(To do): Pictures stay out; everything else in the records below is to be repeated exactly.

*** Records to process Section Begins ***

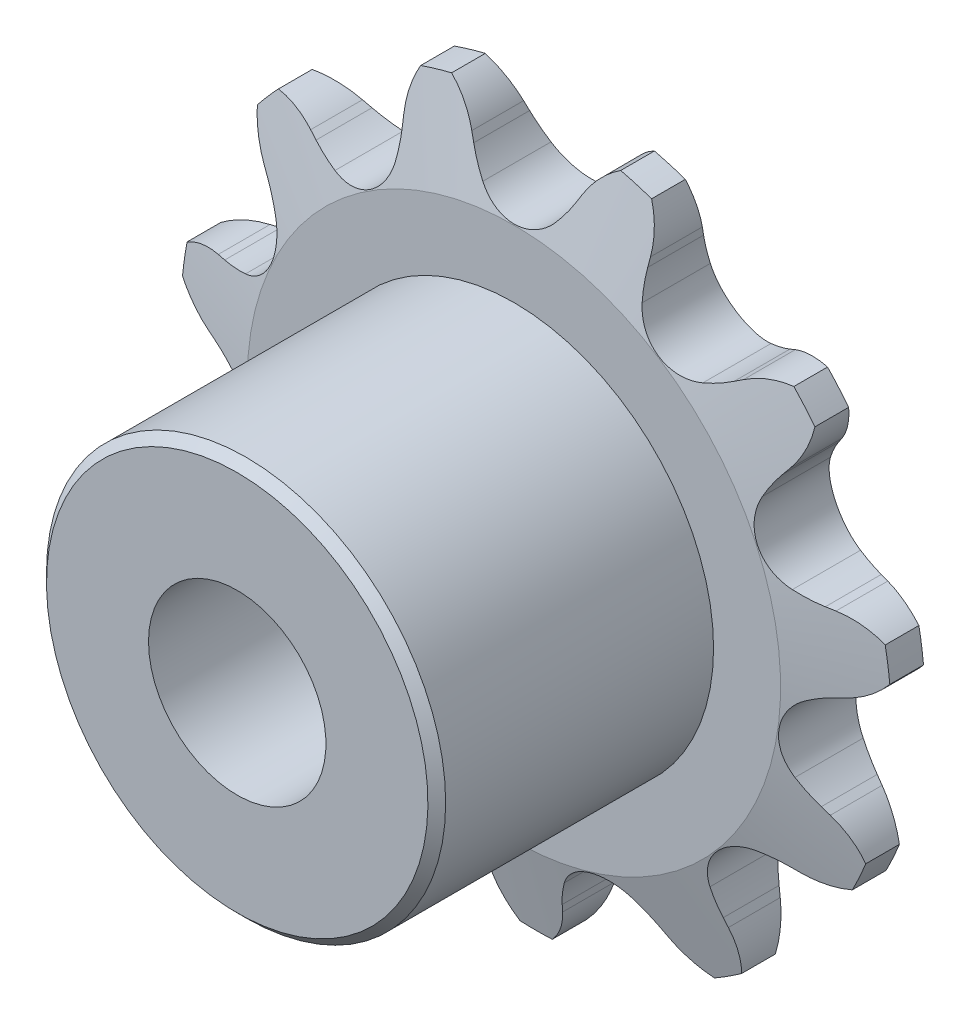
from build123d import *

# Parameters (mm, degrees)
CUT_EXTRUDE1_DEPTH      = 19.040220505
CIRPATTERN1_COUNT       = 11
BOSS_EXTRUDE1_START     = 1.397
SKETCH2_R               = 7.14375
BOSS_EXTRUDE1_DEPTH     = 9.906
CUT_EXTRUDE2_DEPTH      = 22.206719511
CUT_EXTRUDE2_DEPTH_BACK = 22.206719511
SKETCH3_R               = 3.175
SKETCH4_W               = 2.0955
SKETCH4_H               = 5.461


with BuildPart() as part:
    # Sketch1 → Revolve1 (revolve)
    with BuildSketch(Plane(origin=(0, 0, 0), x_dir=(0, 0, -1), z_dir=(1, 0, 0)), mode=Mode.PRIVATE) as revolve1_sk:
        Polygon((1.397, 0), (-1.397, 0), (-1.397, 9.543056983), (-0.60325, 12.718056983), (0.60325, 12.718056983), (1.397, 9.543056983), align=None)
    revolve(revolve1_sk.sketch.rotate(Axis((0, 0, -1.397), (0, 0, 1)), 90), axis=Axis((0, 0, -1.397), (0, 0, 1)))

    # Sketch0 → Cut-Extrude1 (cut, symmetric)
    with BuildSketch(Plane.XY):
        with BuildLine():
            Line((5.067658792, -10.235463679), (4.855219932, -10.014777134))
            ThreePointArc((4.855219932, -10.014777134), (4.49713377, -9.6824462), (4.103958425, -9.392476032))
            ThreePointArc((4.103958425, -9.392476032), (2.696799836, -9.184456787), (1.625486396, -10.120221082))
            ThreePointArc((1.625486396, -10.120221082), (1.451495957, -10.576726149), (1.329926375, -11.049896717))
            Line((1.329926375, -11.049896717), (1.270523588, -11.350403172))
            ThreePointArc((1.270523588, -11.350403172), (0.16506158, -13.06621068), (-1.815527736, -13.559472897))
            ThreePointArc((-1.815527736, -13.559472897), (3.854235715, -13.126321391), (8.858123633, -10.425406079))
            ThreePointArc((8.858123633, -10.425406079), (6.925268185, -11.081234923), (5.067658792, -10.235463679))
        make_face()
    cut_extrude1 = extrude(amount=CUT_EXTRUDE1_DEPTH, both=True, mode=Mode.SUBTRACT)

    # CirPattern1: Cut-Extrude1 ×11 about axis
    cirpattern1_axis = Axis((0, 0, 0), (0, 0, 1))
    for i in range(1, CIRPATTERN1_COUNT):
        add(cut_extrude1.rotate(cirpattern1_axis, i * 360 / CIRPATTERN1_COUNT), mode=Mode.SUBTRACT)

    # Sketch2 → Boss-Extrude1 (add)
    with BuildSketch(Plane.XY.offset(BOSS_EXTRUDE1_START)):
        Circle(SKETCH2_R)
    extrude(amount=BOSS_EXTRUDE1_DEPTH)

    # Sketch3 → Cut-Extrude2 (cut, two sides: drawn at the far end of the back side and taken through both)
    with BuildSketch(Plane.XY.offset(-CUT_EXTRUDE2_DEPTH_BACK)):
        with Locations(Location((0, 0, 0), (0, 0, 180))):
            Circle(SKETCH3_R)
    extrude(amount=CUT_EXTRUDE2_DEPTH + CUT_EXTRUDE2_DEPTH_BACK, mode=Mode.SUBTRACT)

    # Sketch4 → Cut-Revolve1 (revolve, cut)
    with BuildSketch(Plane(origin=(0, 0, 0), x_dir=(0, 0, -1), z_dir=(1, 0, 0))):
        Polygon((-11.303, 7.14375), (-11.303, 6.82625), (-10.9855, 7.14375), align=None)
        with Locations((-2.44475, 9.987556983)):
            Rectangle(SKETCH4_W, SKETCH4_H)
    revolve(axis=Axis((0, 0, -1.397), (0, 0, 1)), mode=Mode.SUBTRACT)


solid = part.part

*** Records to process Section Ends ***

(Written answer):
from build123d import *

# Parameters (mm, degrees)
CUT_EXTRUDE1_DEPTH      = 19.040220505
CIRPATTERN1_COUNT       = 11
BOSS_EXTRUDE1_START     = 1.397
SKETCH2_R               = 7.14375
BOSS_EXTRUDE1_DEPTH     = 9.906
CUT_EXTRUDE2_DEPTH      = 22.206719511
CUT_EXTRUDE2_DEPTH_BACK = 22.206719511
SKETCH3_R               = 3.175
SKETCH4_W               = 2.0955
SKETCH4_H               = 5.461


with BuildPart() as part:
    # Sketch1 → Revolve1 (revolve)
    with BuildSketch(Plane(origin=(0, 0, 0), x_dir=(0, 0, -1), z_dir=(1, 0, 0)), mode=Mode.PRIVATE) as revolve1_sk:
        Polygon((1.397, 0), (-1.397, 0), (-1.397, 9.543056983), (-0.60325, 12.718056983), (0.60325, 12.718056983), (1.397, 9.543056983), align=None)
    revolve(revolve1_sk.sketch.rotate(Axis((0, 0, -1.397), (0, 0, 1)), 90), axis=Axis((0, 0, -1.397), (0, 0, 1)))

    # Sketch0 → Cut-Extrude1 (cut, symmetric)
    with BuildSketch(Plane.XY):
        with BuildLine():
            Line((5.067658792, -10.235463679), (4.855219932, -10.014777134))
            ThreePointArc((4.855219932, -10.014777134), (4.49713377, -9.6824462), (4.103958425, -9.392476032))
            ThreePointArc((4.103958425, -9.392476032), (2.696799836, -9.184456787), (1.625486396, -10.120221082))
            ThreePointArc((1.625486396, -10.120221082), (1.451495957, -10.576726149), (1.329926375, -11.049896717))
            Line((1.329926375, -11.049896717), (1.270523588, -11.350403172))
            ThreePointArc((1.270523588, -11.350403172), (0.16506158, -13.06621068), (-1.815527736, -13.559472897))
            ThreePointArc((-1.815527736, -13.559472897), (3.854235715, -13.126321391), (8.858123633, -10.425406079))
            ThreePointArc((8.858123633, -10.425406079), (6.925268185, -11.081234923), (5.067658792, -10.235463679))
        make_face()
    cut_extrude1 = extrude(amount=CUT_EXTRUDE1_DEPTH, both=True, mode=Mode.SUBTRACT)

    # CirPattern1: Cut-Extrude1 ×11 about axis
    cirpattern1_axis = Axis((0, 0, 0), (0, 0, 1))
    for i in range(1, CIRPATTERN1_COUNT):
        add(cut_extrude1.rotate(cirpattern1_axis, i * 360 / CIRPATTERN1_COUNT), mode=Mode.SUBTRACT)

    # Sketch2 → Boss-Extrude1 (add)
    with BuildSketch(Plane.XY.offset(BOSS_EXTRUDE1_START)):
        Circle(SKETCH2_R)
    extrude(amount=BOSS_EXTRUDE1_DEPTH)

    # Sketch3 → Cut-Extrude2 (cut, two sides: drawn at the far end of the back side and taken through both)
    with BuildSketch(Plane.XY.offset(-CUT_EXTRUDE2_DEPTH_BACK)):
        with Locations(Location((0, 0, 0), (0, 0, 180))):
            Circle(SKETCH3_R)
    extrude(amount=CUT_EXTRUDE2_DEPTH + CUT_EXTRUDE2_DEPTH_BACK, mode=Mode.SUBTRACT)

    # Sketch4 → Cut-Revolve1 (revolve, cut)
    with BuildSketch(Plane(origin=(0, 0, 0), x_dir=(0, 0, -1), z_dir=(1, 0, 0))):
        Polygon((-11.303, 7.14375), (-11.303, 6.82625), (-10.9855, 7.14375), align=None)
        with Locations((-2.44475, 9.987556983)):
            Rectangle(SKETCH4_W, SKETCH4_H)
    revolve(axis=Axis((0, 0, -1.397), (0, 0, 1)), mode=Mode.SUBTRACT)


solid = part.part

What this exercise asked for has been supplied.